SDPI recommends higher tobacco taxes in Budget 2026-27

SDPI initiatives

ISLAMABAD, May 7, 2026 – Policy experts at a seminar hosted by the Sustainable Development Policy Institute on Thursday called on Pakistan’s government to raise tobacco taxes in the 2026-27 federal budget, saying stronger taxation could reduce smoking rates, improve public health and increase revenue collection.

The policy dialogue, titled “Strengthening Tobacco Taxation for Public Health and Fiscal Gains: Preparing for the 2026-27 Budget,” brought together researchers, economists and public health experts who advocated eliminating the existing two-tier tax structure on cigarettes and introducing targeted measures to discourage youth smoking.

Opening the seminar, Syed Ali Wasif Naqvi, senior research associate at SDPI, said tobacco taxation remained one of the most effective evidence-based tools for improving public health while enhancing domestic revenues.

He said SDPI analysis suggested that even a one-percentage-point reduction in smoking prevalence could help recover around Rs294 billion in economic losses and generate more than Rs103 billion in additional tax revenues.

Naqvi said Pakistan, classified as a lower-middle-income country, remained behind recommended tobacco taxation benchmarks and urged authorities to review the two-tier taxation system to reduce market distortions and industry manipulation.

Dr Sajid Amin Javed, deputy executive director at SDPI, described tobacco taxation as a “win-win” policy for revenue generation, economic stability and healthcare outcomes.

He proposed higher taxes on commonly consumed cigarette brands and recommended earmarking a portion of tobacco tax revenues for improvements in the health sector.

Javed also highlighted rising youth vulnerability to smoking and called for higher taxes on tobacco products popular among younger consumers, alongside awareness campaigns and educational initiatives on smoking-related health risks.

Waseem Iftikhar Janjua, senior advisor at SDPI, criticised the current two-tier taxation structure, saying it encouraged smokers to switch to cheaper cigarette brands rather than quit smoking altogether.

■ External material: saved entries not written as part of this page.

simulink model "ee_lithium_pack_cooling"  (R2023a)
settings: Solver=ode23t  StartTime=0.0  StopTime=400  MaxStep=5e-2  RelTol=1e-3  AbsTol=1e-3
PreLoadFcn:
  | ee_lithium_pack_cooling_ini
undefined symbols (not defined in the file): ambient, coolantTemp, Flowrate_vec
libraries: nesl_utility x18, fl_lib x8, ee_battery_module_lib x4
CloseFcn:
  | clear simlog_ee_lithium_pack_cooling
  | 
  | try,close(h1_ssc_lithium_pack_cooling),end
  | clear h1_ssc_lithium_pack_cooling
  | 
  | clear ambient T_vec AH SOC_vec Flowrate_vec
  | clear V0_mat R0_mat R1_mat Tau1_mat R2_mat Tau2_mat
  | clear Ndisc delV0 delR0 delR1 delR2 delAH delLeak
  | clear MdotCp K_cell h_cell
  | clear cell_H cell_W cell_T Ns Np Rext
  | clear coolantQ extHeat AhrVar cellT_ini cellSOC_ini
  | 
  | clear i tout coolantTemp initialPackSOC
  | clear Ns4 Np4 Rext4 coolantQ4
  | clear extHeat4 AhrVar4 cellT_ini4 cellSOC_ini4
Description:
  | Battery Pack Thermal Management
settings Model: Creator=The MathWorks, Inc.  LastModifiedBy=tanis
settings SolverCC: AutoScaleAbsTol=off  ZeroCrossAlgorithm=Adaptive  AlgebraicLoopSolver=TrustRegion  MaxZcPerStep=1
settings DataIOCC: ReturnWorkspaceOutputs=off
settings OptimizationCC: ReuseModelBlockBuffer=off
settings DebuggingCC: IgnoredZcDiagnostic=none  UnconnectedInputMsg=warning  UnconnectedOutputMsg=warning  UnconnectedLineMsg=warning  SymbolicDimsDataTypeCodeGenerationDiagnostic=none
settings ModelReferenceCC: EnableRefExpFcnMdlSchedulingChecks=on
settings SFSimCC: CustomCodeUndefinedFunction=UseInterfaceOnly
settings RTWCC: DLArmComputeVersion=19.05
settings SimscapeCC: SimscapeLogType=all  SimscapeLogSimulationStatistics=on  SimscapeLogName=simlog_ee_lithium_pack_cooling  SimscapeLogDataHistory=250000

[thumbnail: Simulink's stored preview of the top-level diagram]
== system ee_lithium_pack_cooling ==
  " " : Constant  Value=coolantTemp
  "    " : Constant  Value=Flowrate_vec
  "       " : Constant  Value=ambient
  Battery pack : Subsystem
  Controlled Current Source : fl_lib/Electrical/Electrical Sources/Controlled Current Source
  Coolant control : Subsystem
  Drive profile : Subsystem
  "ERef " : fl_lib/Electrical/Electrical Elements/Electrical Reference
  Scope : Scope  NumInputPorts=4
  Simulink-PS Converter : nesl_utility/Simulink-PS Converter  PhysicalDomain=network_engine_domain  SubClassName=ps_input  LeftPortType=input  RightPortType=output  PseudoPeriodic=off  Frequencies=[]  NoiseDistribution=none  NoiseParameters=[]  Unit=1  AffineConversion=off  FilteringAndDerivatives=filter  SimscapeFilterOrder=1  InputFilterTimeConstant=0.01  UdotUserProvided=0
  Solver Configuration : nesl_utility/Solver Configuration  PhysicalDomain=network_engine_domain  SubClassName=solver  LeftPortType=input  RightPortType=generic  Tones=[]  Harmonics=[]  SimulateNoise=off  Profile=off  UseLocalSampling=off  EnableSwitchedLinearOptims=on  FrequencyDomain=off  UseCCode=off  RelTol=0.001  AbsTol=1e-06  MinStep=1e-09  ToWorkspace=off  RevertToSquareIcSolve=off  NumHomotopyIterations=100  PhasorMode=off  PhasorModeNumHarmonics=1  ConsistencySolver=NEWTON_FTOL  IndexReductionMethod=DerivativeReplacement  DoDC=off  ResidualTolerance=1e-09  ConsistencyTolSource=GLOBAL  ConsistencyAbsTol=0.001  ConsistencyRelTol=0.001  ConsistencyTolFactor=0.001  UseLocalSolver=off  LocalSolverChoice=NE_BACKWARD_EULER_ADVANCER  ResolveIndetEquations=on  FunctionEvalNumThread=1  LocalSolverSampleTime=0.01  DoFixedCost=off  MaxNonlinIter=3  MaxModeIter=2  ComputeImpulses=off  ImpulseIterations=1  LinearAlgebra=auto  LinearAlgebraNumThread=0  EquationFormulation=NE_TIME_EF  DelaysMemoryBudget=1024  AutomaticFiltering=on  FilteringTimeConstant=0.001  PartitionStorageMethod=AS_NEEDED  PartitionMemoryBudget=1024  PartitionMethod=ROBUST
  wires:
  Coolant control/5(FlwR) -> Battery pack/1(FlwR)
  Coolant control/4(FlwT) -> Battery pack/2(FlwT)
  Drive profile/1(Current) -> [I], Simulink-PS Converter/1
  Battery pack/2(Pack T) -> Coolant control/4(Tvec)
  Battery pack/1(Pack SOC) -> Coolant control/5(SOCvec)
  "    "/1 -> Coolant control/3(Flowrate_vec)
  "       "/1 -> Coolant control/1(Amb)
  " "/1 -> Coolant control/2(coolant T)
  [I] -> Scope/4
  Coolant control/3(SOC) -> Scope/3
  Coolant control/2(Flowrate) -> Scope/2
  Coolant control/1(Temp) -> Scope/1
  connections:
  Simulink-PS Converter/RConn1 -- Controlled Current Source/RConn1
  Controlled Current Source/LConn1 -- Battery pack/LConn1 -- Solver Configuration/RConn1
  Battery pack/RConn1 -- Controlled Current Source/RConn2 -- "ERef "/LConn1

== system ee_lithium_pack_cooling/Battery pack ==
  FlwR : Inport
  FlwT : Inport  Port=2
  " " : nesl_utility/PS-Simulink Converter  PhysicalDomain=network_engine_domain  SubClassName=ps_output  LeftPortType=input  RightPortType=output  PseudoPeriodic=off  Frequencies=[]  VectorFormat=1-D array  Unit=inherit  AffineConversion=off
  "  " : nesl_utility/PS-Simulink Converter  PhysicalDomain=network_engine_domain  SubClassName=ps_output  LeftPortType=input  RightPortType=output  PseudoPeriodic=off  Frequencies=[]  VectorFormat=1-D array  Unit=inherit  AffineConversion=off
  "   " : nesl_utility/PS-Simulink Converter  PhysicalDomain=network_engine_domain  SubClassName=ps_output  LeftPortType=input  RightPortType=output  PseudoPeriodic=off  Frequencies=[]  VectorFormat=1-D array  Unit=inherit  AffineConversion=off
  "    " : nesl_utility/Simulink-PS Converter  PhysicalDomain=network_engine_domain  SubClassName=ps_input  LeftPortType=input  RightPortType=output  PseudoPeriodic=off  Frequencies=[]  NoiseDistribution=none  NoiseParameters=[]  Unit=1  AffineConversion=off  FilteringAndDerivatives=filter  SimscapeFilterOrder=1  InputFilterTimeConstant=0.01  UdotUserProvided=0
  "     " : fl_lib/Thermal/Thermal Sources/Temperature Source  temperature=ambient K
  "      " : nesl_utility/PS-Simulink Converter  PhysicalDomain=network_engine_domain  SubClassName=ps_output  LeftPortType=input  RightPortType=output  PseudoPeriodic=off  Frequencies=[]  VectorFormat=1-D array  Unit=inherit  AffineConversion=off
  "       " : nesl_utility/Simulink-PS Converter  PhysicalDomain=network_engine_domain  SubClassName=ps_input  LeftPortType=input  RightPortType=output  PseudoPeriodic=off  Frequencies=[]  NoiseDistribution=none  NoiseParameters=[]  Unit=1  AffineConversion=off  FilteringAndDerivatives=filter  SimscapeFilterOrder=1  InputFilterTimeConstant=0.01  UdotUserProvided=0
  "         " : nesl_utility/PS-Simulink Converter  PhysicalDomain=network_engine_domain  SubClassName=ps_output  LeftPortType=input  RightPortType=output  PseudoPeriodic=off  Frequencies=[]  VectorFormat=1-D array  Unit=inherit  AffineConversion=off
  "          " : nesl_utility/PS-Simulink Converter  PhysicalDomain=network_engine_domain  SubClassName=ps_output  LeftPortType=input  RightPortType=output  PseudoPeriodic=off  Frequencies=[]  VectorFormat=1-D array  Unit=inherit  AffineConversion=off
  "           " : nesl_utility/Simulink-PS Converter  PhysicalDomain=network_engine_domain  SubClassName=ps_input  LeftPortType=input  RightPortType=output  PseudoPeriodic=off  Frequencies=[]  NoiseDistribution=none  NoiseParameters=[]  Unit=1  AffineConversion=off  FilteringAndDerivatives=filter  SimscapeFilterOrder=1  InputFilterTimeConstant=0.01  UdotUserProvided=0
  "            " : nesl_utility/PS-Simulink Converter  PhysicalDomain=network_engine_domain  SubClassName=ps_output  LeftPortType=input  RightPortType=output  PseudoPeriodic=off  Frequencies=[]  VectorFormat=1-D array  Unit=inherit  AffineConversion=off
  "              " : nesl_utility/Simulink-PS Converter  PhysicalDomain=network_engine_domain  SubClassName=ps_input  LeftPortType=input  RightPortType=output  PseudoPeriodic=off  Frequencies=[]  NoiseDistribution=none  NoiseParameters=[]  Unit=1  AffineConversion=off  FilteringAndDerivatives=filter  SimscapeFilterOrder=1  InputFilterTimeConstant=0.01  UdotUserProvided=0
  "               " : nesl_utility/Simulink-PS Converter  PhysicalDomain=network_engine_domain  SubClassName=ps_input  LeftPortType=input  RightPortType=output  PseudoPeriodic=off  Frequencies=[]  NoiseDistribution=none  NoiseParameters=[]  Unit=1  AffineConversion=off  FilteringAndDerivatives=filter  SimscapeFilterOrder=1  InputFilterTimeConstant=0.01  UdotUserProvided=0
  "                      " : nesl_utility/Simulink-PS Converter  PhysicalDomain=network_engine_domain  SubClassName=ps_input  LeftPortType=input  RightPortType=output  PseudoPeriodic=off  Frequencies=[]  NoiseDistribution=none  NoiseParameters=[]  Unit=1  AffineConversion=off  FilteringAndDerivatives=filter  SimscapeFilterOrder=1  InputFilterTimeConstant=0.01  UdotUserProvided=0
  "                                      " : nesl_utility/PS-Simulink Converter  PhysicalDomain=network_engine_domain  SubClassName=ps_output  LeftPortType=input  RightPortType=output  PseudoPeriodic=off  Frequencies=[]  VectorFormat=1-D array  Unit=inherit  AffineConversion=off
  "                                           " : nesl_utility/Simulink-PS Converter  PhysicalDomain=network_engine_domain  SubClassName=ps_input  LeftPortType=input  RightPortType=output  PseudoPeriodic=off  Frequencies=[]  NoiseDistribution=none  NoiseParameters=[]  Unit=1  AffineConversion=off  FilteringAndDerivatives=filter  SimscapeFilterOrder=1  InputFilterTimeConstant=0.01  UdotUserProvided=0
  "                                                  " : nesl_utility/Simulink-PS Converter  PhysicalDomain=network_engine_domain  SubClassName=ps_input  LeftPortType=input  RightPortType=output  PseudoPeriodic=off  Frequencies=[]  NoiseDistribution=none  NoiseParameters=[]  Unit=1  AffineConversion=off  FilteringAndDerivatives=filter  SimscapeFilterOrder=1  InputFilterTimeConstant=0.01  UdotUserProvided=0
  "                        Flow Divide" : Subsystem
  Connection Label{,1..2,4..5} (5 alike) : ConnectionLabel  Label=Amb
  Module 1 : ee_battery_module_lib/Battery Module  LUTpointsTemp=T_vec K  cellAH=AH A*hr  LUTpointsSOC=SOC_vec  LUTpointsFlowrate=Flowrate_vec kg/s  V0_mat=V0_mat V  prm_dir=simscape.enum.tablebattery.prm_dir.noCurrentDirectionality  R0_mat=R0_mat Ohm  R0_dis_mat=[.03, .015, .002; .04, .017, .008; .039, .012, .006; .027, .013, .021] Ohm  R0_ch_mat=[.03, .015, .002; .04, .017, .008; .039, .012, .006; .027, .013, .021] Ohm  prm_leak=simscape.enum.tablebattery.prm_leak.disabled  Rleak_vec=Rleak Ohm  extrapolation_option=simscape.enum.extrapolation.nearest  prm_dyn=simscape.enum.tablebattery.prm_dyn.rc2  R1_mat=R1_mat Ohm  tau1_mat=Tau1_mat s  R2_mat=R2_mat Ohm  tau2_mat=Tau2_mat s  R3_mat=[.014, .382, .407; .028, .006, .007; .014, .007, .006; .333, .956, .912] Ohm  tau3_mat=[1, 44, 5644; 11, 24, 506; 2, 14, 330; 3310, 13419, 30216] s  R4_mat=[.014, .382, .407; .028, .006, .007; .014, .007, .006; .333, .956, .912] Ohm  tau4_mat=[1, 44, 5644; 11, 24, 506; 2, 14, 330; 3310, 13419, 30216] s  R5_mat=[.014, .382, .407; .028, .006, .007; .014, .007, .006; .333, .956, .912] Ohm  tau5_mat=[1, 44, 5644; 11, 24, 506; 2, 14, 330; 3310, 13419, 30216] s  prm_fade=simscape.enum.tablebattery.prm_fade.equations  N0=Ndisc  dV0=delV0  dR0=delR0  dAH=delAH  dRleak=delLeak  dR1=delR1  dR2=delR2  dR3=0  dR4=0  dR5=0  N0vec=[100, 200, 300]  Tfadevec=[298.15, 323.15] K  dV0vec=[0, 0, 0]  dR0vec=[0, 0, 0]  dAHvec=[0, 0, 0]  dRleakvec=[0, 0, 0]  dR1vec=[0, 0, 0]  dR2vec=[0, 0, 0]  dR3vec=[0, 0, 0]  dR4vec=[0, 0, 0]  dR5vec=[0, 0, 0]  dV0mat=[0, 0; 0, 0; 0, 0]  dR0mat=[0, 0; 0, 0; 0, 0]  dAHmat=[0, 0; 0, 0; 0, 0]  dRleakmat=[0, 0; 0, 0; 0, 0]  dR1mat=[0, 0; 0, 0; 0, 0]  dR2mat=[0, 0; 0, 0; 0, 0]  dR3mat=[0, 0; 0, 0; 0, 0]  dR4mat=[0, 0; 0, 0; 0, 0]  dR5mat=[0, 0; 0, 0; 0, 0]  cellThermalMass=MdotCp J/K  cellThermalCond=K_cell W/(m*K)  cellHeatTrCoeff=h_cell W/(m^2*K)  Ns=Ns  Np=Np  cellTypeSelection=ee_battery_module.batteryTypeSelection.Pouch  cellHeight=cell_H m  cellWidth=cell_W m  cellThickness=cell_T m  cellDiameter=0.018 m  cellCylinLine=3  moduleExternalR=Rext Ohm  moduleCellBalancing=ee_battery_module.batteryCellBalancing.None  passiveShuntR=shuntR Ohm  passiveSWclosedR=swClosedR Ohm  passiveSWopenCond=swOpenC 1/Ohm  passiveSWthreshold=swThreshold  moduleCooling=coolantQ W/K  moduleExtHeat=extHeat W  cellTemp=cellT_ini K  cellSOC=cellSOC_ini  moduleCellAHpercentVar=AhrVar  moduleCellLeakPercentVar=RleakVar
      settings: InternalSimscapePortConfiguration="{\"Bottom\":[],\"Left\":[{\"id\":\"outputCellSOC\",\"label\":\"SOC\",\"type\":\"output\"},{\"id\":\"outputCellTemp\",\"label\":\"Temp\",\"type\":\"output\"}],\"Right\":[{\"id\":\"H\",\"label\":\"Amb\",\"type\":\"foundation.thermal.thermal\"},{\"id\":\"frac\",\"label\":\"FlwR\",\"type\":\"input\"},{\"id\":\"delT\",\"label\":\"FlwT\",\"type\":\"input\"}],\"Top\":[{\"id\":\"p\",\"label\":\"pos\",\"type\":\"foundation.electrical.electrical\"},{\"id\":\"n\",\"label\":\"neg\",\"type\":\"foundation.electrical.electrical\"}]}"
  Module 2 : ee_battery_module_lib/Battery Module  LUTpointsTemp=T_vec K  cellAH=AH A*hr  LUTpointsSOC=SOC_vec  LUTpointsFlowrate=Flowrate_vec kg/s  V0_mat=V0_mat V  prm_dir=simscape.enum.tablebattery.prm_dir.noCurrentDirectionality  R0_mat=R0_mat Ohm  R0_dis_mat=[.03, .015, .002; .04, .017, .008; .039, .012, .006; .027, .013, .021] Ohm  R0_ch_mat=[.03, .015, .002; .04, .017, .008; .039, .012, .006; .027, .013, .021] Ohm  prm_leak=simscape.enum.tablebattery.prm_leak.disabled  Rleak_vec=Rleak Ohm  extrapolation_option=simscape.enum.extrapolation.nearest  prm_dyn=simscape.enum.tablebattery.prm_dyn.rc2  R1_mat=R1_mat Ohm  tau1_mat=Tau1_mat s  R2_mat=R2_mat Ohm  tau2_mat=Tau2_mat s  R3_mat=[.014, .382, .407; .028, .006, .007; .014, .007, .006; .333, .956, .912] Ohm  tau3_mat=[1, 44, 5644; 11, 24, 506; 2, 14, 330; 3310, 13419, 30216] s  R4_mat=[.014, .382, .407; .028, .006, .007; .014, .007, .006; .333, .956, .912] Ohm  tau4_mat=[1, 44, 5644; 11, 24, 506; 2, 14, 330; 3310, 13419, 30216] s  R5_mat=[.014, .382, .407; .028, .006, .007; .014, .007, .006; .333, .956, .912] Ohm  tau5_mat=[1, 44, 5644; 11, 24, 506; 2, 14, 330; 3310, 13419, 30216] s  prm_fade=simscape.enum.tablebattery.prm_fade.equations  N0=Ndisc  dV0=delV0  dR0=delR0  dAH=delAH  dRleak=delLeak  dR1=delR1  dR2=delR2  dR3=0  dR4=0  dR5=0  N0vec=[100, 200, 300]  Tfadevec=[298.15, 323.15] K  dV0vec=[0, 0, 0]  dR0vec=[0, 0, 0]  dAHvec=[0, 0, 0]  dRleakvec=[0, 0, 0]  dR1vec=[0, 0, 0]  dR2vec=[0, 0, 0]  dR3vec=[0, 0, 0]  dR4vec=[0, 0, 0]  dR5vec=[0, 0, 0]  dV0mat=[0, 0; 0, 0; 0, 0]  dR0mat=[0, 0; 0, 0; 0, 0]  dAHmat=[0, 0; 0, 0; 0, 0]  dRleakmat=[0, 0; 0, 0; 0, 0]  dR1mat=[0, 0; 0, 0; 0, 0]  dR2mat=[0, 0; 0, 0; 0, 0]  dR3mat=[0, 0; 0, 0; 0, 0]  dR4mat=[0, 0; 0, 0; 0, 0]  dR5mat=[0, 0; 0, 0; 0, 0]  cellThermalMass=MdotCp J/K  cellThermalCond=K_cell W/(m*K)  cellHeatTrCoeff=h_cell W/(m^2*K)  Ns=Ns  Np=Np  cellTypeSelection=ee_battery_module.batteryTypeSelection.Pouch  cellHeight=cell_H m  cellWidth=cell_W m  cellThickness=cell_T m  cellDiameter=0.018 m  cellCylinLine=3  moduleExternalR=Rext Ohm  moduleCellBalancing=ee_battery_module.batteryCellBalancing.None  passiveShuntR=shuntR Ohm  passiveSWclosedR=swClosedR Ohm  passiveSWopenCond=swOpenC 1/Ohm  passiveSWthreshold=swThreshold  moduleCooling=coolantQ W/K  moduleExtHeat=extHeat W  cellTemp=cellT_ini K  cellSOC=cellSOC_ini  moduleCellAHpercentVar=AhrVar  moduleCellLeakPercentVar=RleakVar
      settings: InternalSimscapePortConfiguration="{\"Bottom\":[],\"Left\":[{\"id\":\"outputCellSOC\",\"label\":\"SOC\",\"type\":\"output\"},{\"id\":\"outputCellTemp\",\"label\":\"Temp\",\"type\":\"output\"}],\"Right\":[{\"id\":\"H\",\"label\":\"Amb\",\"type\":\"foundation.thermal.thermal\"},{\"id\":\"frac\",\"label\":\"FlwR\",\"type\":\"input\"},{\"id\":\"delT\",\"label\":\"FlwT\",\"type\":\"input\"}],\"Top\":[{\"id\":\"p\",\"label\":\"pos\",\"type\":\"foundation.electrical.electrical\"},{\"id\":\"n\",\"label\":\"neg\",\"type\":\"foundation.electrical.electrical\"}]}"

He urged the government to gradually narrow the tax gap between premium and economy brands and eventually move towards a single-tier taxation system.

Janjua also recommended automatic annual increases in excise duties that exceed inflation and economic growth rates under a three-to-five-year reform roadmap.

Referring to benchmarks set under the World Health Organization Framework Convention on Tobacco Control, he noted that Pakistan’s tax share on cigarette retail prices remained below the recommended 70%.

Dr Ashar Malik of Aga Khan University said tobacco products should not be treated as ordinary consumer goods due to their severe health consequences.

He warned that alternative tobacco products, particularly smokeless tobacco, continued to escape adequate taxation because of regulatory gaps and called for expanding tax coverage to all tobacco products.

Dr Irfan Chatha, research fellow at SDPI, said taxation alone would not be sufficient without stronger enforcement measures and institutional coordination to curb illicit trade.

He noted that cigarette consumption in Pakistan remained around 80 billion sticks annually and urged policymakers to treat tobacco taxation not only as a revenue measure but also as a core public health intervention.